一枚の特選フォト⌈海 & 船⌋
大阪・
画像は大阪市内を流れる大川 (旧淀川) 沿いに立地する八軒家浜 (はちけんやはま Hachiken-yahama)の最近の風景である。正確に言えば、
大川沿いの「八軒家 (はちけんや) リバービューウォーク」と称されるところからの風景である。二人して座っている川べりには、
雁木(船荷を揚げ降ろしするための水べりの階段)がある。八軒家浜はその昔船着き場として大いに賑わった。 京都市街、又はその近傍を流れ下る鴨川・桂川は、京都・大阪府境辺りで宇治川や木津川と合流し大河川となる。それが淀川である。淀川は 大阪市内で枝分かれして、本流 (新淀川) はそのまま大阪湾に注ぎ込むが、枝分かれした方の大川 (旧淀川) は、この八軒家浜、さらに 中之島を経て、安治川となって大阪湾に注ぎ込む。その注ぎ出る川口の突端に天保山 (てんぽうざん) がある。 日本の高度経済成長期に瀬戸内海にて多くの定期船航路を走らせていた関西汽船の桟橋と客船ターミナルがあったところである。
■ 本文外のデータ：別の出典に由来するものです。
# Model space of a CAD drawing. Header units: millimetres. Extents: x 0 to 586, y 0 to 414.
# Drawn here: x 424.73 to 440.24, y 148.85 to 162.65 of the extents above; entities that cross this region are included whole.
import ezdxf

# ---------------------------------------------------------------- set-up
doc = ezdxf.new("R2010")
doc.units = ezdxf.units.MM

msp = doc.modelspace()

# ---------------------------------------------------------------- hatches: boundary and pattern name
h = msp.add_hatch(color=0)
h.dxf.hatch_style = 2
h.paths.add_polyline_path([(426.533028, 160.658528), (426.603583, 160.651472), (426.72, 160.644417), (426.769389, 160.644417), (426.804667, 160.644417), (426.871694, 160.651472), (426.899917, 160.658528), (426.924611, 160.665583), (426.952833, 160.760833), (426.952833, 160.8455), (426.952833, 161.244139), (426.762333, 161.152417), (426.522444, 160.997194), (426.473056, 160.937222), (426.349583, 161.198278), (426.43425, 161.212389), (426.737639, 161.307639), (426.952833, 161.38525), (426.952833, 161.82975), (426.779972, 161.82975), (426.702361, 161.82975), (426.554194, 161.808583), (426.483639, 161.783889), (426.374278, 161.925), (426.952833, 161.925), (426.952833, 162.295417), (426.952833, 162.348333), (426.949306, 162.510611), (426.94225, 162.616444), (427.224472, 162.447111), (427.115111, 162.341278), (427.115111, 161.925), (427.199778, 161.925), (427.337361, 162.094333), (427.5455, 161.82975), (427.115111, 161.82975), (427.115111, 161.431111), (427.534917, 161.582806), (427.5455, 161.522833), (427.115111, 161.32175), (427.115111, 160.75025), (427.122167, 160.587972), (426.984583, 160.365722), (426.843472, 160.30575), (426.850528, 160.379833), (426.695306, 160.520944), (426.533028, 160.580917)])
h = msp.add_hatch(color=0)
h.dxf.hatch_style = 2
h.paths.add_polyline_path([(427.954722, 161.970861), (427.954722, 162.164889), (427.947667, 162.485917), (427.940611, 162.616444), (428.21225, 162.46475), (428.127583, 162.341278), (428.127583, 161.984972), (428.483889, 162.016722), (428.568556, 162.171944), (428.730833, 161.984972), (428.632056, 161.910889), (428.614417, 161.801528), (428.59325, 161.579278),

画像に写る常夜灯の台座には、八軒家浜の歴史について次のように記されている。
7~8世紀頃この辺りに難波津があり、遣隋使・遣唐使がここから旅立ちました。 明治以降 に交通手段が陸上へと移るまで、この辺りは水上交通のターミナルとして賑わいました。十返舎一九の「東海道中膝栗毛」 や司馬遼太郎の「竜馬がゆく」、浪花節「森の石松三十石船」にも八軒家がでてきます。」
「熊野古道の起点・九十九王子 * 画像左にある常夜灯の台座3面: [拡大画像: x26171.jpg: 「八軒家の歴史」説明書き][拡大画像: x26172.jpg:「熊野古道の起点・ 九十九王子」説明書き][拡大画像: x26173.jpg: 地図/渡辺津(八軒家)~熊野三山への路] * 1860年 (安政7年) に、夜間における乗下船時の安全のために地元の町人が建てたものである。残存図面を基に復元された。 * 八軒家浜の最寄り駅: 地下鉄谷町線の天満橋駅、または京阪電車の天満橋駅から数分のところにある。 [2012.10.8 大阪・大川 (旧淀川) 沿いの八軒家浜にて][拡大画像: x25161.jpg]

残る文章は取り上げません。